Franchising, retail, business
30/09/2014
Interest rate debate reignites after new European standard of GDP measurement revises up growth to 0.9%
Britain’s economy was bigger and grew faster than previously thought over the second quarter, according to official figures that measure GDP in a new way.
The economy also recovered sooner than previously thought from the recession.
The Office for National Statistics (ONS) said the economy expanded 0.9% over April to June as both the dominant services sector and construction enjoyed strong growth. That beat economists’ forecasts for GDP growth to hold at a previous estimate of 0.8%. But at the same time the ONS revised down the first quarter figure to 0.7% from 0.8%, leaving the estimate of year-on-year growth at 3.2%.
The size of the economy was also upgraded as the ONS moved to a new European-wide way of measuring GDP and incorporated other changes. Under the new method, illegal activities such as drug dealing and prostitution are included and other activities are accounted for differently, including research & development and military spending.
Explaining the figures, the ONS said: “The new data are based on the most far-reaching set of improvements to the national accounts in the last 15 years or so.”
The ONS left full-year GDP growth in 2013 unrevised at 1.7%. But it said the changes meant that UK GDP recouped lost ground from the downturn sooner than previously thought.
“The new data show that during the recent downturn the economy shrank by 6.0%, rather than the 7.2% previously estimated. GDP was also estimated to have exceeded its pre-financial crisis levels in Q3 2013, three quarters sooner than previously estimated. However, overall, the average absolute quarter-on-quarter revision between 1997 and 2014 Q2 was 0.16 percentage points,” statisticians wrote alongside the data.
Economists said the new estimates suggested there was less slack in the economy than previously thought and that could have implications for how soon the Bank of England starts to raise interest rates as it seeks to contain price pressures.
James Knightley, economist at ING Financial Markets said: “The substantial revisions due to new methodology mean that the UK economy is now 2.7% larger than it was before the global financial crisis started. Under the old methodology the data had shown that the UK was only 0.2% larger, which implies that there is now less spare capacity in the UK economy than previously thought.
“Taken on its own this could suggest that the UK may need to raise rates earlier and more aggressively than previously expected, but in the absence of inflation and wage pressures and with signs that the housing market is cooling we doubt that the Bank of England will move imminently.

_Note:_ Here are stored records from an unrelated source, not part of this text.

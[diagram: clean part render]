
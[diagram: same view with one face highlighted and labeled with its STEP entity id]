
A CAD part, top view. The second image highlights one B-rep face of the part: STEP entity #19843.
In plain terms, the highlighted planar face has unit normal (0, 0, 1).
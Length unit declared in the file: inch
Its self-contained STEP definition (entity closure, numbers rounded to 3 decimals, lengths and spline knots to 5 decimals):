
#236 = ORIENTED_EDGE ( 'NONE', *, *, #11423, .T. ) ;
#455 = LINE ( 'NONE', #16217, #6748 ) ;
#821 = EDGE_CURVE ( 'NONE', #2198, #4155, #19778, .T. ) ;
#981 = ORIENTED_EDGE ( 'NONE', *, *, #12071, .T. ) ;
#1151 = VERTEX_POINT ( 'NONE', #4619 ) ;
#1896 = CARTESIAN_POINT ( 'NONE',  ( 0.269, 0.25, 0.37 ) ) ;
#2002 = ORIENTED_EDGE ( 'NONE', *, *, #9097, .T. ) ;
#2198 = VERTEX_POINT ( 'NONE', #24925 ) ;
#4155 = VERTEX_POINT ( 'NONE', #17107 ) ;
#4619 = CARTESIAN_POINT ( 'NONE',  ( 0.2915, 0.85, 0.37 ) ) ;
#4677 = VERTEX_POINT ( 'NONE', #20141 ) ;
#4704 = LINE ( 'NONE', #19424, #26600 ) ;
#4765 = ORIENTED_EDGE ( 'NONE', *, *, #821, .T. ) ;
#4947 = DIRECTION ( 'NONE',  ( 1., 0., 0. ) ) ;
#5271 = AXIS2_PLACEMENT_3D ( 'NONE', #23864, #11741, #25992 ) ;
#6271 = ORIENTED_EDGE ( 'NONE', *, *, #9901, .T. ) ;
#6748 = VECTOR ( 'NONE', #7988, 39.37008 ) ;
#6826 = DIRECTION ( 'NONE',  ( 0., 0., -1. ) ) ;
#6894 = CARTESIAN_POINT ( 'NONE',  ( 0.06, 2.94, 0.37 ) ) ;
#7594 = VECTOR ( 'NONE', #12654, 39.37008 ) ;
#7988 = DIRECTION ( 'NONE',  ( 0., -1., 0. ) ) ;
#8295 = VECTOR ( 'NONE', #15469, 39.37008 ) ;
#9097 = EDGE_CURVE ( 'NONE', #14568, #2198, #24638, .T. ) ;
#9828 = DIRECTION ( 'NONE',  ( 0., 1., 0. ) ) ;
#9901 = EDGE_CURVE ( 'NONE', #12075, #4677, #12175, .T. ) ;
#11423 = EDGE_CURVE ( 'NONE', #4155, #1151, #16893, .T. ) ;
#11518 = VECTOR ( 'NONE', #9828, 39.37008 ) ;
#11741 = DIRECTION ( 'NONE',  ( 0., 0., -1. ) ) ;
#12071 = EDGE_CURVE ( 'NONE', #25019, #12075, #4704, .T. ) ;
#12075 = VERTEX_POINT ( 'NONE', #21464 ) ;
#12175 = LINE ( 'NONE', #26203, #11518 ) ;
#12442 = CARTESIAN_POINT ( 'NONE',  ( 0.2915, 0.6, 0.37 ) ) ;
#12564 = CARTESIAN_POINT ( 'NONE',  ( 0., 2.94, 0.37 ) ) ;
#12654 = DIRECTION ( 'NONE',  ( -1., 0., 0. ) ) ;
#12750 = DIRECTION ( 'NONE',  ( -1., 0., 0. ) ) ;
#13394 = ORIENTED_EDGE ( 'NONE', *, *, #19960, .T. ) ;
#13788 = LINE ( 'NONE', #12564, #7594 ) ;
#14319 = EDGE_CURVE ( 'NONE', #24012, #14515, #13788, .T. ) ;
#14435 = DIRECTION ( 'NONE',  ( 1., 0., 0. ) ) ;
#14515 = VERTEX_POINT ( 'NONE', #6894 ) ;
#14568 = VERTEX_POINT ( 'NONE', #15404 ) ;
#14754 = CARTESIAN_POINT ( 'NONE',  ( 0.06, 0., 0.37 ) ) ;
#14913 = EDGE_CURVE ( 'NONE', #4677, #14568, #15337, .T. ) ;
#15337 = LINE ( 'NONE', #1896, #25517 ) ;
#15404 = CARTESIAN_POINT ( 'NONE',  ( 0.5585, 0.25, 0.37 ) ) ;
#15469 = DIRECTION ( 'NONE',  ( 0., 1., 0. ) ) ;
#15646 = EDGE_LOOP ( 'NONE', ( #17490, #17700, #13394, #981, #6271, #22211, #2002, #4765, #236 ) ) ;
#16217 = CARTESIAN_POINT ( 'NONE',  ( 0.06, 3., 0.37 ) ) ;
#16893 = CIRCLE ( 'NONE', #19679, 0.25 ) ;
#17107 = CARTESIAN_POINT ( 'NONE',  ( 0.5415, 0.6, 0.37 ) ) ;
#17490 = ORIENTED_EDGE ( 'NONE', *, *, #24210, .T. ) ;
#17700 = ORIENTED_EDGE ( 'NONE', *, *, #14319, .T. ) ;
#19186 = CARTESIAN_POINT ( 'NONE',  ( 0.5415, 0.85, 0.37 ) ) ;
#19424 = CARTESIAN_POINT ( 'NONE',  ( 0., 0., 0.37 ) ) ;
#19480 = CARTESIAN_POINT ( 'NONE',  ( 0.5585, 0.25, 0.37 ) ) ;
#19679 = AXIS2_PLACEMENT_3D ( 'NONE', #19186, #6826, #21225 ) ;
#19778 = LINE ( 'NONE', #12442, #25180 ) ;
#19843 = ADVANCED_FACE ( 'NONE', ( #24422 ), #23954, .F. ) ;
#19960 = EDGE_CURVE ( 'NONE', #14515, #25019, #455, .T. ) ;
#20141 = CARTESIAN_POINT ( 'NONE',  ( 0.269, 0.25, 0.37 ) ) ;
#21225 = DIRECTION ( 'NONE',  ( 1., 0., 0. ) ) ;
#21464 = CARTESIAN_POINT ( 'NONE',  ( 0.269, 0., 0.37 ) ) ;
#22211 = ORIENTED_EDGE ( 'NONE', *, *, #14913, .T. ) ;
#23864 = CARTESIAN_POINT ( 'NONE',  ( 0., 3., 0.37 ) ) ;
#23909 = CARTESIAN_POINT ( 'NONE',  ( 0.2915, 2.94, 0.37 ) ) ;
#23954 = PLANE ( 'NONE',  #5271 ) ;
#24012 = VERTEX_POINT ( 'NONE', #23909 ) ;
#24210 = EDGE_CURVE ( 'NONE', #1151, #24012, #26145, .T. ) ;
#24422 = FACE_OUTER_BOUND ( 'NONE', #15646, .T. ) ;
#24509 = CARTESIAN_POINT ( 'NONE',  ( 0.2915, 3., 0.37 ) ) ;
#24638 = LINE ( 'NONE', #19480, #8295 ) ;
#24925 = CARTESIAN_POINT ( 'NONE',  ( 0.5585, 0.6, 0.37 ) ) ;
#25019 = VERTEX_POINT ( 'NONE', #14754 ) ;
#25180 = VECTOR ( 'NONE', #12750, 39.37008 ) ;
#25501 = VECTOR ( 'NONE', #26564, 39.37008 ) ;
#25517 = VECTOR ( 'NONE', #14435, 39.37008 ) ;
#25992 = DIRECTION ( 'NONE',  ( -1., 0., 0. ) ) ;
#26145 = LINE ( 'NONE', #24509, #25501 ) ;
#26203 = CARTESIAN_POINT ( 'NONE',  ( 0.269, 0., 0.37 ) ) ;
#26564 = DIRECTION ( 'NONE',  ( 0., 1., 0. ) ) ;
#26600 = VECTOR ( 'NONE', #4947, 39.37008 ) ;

We still favour a February hike.”
Samuel Tombs, senior UK economist at Capital Economics, said the UK’s performance was still “very weak by historical and international standards”.
“It remains the case that it took longer than after any of the recessions in the 20th century for output to return to its peak,” he said.
For the second quarter, the ONS said growth was “broad-based” in output terms with production, construction and services all expanding from the first quarter. Agriculture, forestry and fishing contracted slightly quarter on quarter.
Growth in the service sector, which ranges from hotels to banking, was revised up to 1.1% from 1.0% and was the strongest growth for two and a half years. Against the backdrop of a buoyant housing market, the construction sector grew 0.7% rather than not at all, as previously estimated. But at less than 7% of the economy it has little impact on overall GDP.
In news likely to be welcomed by the government as it tries to move to an economy less reliant on consumer spending, the ONS said business investment growth accelerated in the second quarter. It increased by 3.3% on the quarter, compared with 0.9% growth in the first quarter. Household spending rose 0.6%, compared with 0.7% in the first quarter. The savings ratio, an estimate of how much households have available to save as a percentage of their total disposable income, rose to 6.7% but the general trend has been downwards over recent years as workers’ wages fall in real terms.
Less encouragingly for the government, exports fell 0.4% from the first quarter and were down 5.2% year-on-year.
Howard Archer, economist at IHS Global Insight, saw little improvement on the horizon for trade.
“Net trade will likely find it difficult to make any significant positive contribution to UK growth in the near term at least. The combination of weak eurozone economic activity and a strong pound is hampering the prospects for UK exports to develop decent growth and help overall economic expansion to become more balanced,” he said.
Overall, he forecasts growth will have slowed in the third quarter of July to September.
“The latest economic news remains largely strong, although it has been a little more mixed recently. It looks likely that consumer spending growth slowed to some extent in the third quarter, while the manufacturing sector clearly lost momentum,” Archer added.